# Exercise:
Write out again, exactly, the lines below starting at the one with "#192=ORIENTED_EDGE('',*,*,#145,.T.);" and ending at the one with "#228=ADVANCED_FACE('F255',(#227),#200,.F.);".

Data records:
..............................
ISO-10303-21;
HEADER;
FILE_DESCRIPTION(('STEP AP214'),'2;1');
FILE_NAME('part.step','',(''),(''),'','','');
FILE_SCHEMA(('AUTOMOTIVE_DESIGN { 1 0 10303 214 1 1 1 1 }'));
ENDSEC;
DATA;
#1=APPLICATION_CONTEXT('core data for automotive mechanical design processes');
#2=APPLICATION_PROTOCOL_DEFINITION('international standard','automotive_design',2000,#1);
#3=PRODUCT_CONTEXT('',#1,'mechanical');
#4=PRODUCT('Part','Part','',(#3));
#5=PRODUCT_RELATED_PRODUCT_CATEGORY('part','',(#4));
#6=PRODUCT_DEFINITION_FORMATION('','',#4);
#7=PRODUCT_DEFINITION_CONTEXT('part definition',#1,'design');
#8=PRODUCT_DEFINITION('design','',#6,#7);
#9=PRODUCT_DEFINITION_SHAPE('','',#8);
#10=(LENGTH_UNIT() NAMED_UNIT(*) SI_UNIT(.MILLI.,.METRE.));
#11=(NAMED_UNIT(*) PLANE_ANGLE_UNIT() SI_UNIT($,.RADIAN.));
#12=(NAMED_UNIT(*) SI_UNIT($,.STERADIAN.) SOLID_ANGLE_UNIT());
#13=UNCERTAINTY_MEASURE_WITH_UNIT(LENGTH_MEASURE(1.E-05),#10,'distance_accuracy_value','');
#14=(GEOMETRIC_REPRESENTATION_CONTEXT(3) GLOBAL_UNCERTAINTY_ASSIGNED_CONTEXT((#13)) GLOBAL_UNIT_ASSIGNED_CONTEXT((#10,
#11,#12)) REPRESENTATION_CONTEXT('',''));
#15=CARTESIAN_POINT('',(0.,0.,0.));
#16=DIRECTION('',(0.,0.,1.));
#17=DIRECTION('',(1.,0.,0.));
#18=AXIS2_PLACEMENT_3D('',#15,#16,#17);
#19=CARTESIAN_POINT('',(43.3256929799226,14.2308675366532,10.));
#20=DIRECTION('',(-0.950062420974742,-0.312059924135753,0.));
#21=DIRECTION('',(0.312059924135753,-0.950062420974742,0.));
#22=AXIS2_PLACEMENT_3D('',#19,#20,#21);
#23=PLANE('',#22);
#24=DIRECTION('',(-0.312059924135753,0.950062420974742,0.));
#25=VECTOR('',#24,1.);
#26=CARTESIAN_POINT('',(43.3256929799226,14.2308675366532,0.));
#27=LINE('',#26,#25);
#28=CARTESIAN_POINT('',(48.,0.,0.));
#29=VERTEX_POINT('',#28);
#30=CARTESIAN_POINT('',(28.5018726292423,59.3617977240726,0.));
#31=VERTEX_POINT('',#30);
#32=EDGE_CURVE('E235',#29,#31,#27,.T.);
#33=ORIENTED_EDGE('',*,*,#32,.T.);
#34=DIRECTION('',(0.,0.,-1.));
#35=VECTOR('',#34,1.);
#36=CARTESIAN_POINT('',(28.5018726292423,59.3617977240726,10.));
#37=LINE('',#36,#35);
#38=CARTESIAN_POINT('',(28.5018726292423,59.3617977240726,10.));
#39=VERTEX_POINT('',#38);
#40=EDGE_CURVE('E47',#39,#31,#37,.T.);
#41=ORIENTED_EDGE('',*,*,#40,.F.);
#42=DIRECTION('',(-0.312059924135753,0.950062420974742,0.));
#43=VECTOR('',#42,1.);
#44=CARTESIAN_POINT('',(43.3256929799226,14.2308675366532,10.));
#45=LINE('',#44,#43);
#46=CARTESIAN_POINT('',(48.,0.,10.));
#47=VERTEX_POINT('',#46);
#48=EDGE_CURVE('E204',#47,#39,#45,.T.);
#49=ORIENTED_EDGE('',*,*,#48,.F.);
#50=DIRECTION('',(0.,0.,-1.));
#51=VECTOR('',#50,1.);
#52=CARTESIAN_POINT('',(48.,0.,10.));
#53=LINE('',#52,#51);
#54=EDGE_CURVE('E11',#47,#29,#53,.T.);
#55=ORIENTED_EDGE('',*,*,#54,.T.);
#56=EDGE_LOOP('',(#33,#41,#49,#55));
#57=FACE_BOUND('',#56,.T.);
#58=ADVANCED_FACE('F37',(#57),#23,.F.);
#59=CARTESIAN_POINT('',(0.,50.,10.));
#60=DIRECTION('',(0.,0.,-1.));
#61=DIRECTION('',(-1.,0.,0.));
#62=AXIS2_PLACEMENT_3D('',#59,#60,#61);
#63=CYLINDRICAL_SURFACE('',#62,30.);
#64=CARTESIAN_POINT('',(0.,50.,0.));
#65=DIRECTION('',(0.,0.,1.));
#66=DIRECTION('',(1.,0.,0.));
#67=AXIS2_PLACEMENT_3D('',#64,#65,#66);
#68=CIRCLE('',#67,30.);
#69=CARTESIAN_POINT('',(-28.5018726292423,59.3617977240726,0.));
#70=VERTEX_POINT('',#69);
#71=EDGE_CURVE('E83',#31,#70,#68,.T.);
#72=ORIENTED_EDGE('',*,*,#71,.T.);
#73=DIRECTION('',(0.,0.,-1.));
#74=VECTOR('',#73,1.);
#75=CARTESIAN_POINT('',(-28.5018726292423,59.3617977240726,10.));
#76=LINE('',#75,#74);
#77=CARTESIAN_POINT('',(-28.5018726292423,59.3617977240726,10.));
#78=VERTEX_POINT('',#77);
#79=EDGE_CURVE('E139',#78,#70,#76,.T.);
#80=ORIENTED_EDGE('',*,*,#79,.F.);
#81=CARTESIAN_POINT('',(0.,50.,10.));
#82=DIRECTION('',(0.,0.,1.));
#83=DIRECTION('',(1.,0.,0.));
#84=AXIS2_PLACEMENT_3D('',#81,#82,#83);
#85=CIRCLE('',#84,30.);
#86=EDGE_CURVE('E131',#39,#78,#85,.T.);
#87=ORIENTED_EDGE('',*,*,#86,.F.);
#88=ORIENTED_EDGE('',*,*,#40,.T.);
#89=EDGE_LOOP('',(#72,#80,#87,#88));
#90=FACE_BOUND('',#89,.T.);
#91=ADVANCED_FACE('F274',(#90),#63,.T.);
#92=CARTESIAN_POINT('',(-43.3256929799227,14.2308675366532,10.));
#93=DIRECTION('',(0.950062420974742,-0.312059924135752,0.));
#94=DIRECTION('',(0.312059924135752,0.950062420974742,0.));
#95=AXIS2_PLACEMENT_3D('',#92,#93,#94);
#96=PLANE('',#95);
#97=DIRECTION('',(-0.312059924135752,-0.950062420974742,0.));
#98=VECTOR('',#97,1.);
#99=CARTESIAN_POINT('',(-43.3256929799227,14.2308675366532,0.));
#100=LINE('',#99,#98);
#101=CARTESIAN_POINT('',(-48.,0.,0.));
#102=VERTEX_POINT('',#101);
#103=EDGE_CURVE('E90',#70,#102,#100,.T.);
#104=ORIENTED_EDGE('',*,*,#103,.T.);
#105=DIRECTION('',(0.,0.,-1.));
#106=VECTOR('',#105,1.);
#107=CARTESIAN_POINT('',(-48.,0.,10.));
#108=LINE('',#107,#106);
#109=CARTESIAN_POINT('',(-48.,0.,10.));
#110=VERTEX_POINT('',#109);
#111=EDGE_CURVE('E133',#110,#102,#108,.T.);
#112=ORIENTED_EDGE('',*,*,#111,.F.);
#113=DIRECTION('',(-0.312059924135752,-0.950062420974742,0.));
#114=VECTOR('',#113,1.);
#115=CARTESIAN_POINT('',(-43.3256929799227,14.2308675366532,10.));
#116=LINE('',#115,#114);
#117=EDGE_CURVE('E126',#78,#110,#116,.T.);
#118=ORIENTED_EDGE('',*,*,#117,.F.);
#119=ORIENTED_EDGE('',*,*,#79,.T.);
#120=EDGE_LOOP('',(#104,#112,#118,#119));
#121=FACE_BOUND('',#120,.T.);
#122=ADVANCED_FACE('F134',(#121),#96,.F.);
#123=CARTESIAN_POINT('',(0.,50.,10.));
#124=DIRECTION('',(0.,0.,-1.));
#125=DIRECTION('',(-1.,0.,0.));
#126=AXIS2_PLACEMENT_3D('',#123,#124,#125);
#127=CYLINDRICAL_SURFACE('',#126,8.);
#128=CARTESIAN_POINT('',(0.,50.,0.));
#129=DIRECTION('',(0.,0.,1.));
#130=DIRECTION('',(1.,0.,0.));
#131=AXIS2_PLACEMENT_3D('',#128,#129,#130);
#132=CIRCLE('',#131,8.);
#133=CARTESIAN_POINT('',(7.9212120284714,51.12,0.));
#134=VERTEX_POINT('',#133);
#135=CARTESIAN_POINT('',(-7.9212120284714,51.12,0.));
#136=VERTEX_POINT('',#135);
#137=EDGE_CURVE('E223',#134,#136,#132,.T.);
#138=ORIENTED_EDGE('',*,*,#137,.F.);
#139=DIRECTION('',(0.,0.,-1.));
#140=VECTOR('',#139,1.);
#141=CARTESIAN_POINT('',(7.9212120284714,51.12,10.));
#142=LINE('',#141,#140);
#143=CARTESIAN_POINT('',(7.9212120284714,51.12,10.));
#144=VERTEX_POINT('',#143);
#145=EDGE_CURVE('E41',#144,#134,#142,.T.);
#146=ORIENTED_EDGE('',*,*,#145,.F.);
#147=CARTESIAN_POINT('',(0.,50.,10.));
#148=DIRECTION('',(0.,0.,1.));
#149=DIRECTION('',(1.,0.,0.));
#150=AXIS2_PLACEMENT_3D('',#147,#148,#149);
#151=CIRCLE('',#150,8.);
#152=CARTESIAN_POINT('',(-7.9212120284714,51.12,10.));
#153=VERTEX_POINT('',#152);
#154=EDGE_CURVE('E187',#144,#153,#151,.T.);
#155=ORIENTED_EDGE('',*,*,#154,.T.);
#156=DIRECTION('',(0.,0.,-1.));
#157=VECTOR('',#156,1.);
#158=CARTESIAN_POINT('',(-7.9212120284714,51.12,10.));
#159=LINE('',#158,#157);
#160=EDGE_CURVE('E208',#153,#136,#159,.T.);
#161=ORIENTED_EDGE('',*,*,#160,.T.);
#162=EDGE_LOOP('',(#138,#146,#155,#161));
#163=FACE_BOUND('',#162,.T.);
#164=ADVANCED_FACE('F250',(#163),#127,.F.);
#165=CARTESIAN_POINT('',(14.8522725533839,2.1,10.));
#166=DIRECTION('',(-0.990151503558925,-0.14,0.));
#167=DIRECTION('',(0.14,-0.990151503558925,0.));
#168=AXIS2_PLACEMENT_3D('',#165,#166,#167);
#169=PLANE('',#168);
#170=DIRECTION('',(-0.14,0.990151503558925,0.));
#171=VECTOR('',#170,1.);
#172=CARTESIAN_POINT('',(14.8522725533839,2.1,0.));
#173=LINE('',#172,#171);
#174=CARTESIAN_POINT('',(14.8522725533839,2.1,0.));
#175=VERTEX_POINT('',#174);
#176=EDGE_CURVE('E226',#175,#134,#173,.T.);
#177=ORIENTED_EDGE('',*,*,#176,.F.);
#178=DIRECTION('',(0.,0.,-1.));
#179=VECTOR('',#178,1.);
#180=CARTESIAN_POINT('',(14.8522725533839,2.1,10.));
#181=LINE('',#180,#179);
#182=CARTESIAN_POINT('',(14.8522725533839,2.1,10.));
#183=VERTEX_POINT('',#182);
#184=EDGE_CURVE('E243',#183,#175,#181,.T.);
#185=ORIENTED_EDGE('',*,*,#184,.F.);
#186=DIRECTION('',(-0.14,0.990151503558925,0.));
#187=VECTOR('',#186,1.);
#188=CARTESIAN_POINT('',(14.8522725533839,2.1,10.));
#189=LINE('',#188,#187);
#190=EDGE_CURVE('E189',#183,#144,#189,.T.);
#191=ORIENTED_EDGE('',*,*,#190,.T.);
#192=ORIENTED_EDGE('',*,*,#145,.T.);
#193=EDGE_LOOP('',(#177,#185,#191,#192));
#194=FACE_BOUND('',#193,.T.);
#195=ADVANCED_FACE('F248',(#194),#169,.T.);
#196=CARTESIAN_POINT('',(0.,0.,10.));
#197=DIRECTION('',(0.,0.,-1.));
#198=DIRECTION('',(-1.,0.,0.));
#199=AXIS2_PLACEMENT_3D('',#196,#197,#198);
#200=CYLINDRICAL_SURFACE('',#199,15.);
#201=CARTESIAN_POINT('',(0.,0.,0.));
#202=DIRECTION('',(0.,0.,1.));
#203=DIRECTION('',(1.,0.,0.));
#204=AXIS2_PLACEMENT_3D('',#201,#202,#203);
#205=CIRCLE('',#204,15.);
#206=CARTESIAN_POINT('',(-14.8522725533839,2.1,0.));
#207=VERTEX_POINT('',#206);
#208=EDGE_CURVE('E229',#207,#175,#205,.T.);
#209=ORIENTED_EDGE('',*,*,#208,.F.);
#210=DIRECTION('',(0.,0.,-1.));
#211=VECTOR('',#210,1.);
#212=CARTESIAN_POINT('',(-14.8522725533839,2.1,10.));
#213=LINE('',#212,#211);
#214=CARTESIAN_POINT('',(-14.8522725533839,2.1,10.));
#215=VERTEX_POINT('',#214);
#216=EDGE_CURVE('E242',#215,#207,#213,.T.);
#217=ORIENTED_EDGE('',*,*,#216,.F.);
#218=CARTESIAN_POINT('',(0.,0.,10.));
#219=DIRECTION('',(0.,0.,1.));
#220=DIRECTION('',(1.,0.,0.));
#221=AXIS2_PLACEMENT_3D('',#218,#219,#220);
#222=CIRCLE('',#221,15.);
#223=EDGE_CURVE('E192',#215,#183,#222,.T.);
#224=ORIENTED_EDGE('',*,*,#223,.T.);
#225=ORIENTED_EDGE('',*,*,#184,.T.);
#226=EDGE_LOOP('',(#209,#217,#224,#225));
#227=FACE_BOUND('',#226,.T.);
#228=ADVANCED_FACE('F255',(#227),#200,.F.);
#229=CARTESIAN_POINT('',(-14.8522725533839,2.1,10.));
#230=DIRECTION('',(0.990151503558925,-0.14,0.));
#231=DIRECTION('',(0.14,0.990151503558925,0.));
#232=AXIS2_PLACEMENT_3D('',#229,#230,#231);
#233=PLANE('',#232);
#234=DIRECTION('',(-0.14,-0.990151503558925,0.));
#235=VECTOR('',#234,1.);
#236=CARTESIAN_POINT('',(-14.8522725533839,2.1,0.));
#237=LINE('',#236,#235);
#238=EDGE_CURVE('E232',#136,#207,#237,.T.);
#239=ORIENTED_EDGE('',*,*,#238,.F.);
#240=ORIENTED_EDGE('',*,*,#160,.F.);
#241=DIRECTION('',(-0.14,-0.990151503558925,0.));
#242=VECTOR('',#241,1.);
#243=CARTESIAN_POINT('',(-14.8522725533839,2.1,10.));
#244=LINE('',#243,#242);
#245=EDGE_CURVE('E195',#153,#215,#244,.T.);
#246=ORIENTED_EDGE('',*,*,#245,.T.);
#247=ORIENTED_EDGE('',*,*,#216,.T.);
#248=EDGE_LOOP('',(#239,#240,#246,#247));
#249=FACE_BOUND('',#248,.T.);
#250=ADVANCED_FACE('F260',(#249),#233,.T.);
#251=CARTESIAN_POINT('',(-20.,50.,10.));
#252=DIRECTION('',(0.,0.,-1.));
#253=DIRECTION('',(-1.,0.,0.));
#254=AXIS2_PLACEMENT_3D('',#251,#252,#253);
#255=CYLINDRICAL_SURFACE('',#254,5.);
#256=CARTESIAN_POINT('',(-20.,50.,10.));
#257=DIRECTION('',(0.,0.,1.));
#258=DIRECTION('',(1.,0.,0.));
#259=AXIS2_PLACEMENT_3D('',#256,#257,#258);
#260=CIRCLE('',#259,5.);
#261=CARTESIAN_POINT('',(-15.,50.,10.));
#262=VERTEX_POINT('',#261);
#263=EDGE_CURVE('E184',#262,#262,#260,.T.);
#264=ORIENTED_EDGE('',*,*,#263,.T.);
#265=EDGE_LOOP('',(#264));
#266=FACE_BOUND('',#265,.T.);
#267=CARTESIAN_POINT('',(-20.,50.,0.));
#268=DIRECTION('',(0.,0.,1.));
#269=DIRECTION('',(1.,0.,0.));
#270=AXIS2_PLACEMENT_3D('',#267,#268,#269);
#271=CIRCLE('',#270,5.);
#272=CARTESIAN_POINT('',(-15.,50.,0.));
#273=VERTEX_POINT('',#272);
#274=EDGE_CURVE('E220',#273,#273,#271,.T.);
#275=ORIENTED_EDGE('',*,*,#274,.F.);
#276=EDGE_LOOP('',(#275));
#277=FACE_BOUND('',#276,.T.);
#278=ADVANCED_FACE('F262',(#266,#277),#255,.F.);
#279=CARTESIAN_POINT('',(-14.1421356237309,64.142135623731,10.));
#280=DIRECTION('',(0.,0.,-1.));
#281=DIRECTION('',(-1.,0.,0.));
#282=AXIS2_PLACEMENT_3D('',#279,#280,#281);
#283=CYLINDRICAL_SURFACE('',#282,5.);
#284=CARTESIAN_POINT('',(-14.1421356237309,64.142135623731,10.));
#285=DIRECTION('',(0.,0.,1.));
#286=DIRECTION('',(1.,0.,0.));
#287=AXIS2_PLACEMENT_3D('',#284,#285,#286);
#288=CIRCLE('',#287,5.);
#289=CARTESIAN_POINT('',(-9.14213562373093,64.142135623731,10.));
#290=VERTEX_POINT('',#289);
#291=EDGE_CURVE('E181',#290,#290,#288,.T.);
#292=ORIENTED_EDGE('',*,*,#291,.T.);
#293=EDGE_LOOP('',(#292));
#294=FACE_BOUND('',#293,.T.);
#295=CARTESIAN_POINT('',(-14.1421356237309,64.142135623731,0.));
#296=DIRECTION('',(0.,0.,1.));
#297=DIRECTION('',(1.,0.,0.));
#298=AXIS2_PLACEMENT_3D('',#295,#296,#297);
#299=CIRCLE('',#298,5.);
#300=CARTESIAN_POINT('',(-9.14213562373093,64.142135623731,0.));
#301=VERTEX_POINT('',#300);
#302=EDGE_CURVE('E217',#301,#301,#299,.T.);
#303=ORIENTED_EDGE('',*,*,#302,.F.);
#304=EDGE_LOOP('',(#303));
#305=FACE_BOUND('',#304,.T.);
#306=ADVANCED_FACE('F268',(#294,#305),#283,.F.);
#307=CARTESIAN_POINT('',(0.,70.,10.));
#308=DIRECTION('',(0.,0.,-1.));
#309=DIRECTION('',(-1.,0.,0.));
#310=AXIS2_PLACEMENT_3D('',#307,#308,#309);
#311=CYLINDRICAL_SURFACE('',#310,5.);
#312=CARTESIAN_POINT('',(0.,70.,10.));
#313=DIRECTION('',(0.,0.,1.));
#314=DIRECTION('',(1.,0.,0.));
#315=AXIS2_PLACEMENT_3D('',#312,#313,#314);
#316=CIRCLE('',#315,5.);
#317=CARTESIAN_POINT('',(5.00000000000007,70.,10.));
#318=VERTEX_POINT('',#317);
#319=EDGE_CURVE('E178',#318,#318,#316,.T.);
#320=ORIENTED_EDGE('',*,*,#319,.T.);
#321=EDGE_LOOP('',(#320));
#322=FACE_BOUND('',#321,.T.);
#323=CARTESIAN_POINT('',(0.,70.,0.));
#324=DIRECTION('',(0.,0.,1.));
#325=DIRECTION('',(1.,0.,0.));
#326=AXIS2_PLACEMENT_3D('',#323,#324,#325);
..............................
# Your response:
#192=ORIENTED_EDGE('',*,*,#145,.T.);
#193=EDGE_LOOP('',(#177,#185,#191,#192));
#194=FACE_BOUND('',#193,.T.);
#195=ADVANCED_FACE('F248',(#194),#169,.T.);
#196=CARTESIAN_POINT('',(0.,0.,10.));
#197=DIRECTION('',(0.,0.,-1.));
#198=DIRECTION('',(-1.,0.,0.));
#199=AXIS2_PLACEMENT_3D('',#196,#197,#198);
#200=CYLINDRICAL_SURFACE('',#199,15.);
#201=CARTESIAN_POINT('',(0.,0.,0.));
#202=DIRECTION('',(0.,0.,1.));
#203=DIRECTION('',(1.,0.,0.));
#204=AXIS2_PLACEMENT_3D('',#201,#202,#203);
#205=CIRCLE('',#204,15.);
#206=CARTESIAN_POINT('',(-14.8522725533839,2.1,0.));
#207=VERTEX_POINT('',#206);
#208=EDGE_CURVE('E229',#207,#175,#205,.T.);
#209=ORIENTED_EDGE('',*,*,#208,.F.);
#210=DIRECTION('',(0.,0.,-1.));
#211=VECTOR('',#210,1.);
#212=CARTESIAN_POINT('',(-14.8522725533839,2.1,10.));
#213=LINE('',#212,#211);
#214=CARTESIAN_POINT('',(-14.8522725533839,2.1,10.));
#215=VERTEX_POINT('',#214);
#216=EDGE_CURVE('E242',#215,#207,#213,.T.);
#217=ORIENTED_EDGE('',*,*,#216,.F.);
#218=CARTESIAN_POINT('',(0.,0.,10.));
#219=DIRECTION('',(0.,0.,1.));
#220=DIRECTION('',(1.,0.,0.));
#221=AXIS2_PLACEMENT_3D('',#218,#219,#220);
#222=CIRCLE('',#221,15.);
#223=EDGE_CURVE('E192',#215,#183,#222,.T.);
#224=ORIENTED_EDGE('',*,*,#223,.T.);
#225=ORIENTED_EDGE('',*,*,#184,.T.);
#226=EDGE_LOOP('',(#209,#217,#224,#225));
#227=FACE_BOUND('',#226,.T.);
#228=ADVANCED_FACE('F255',(#227),#200,.F.);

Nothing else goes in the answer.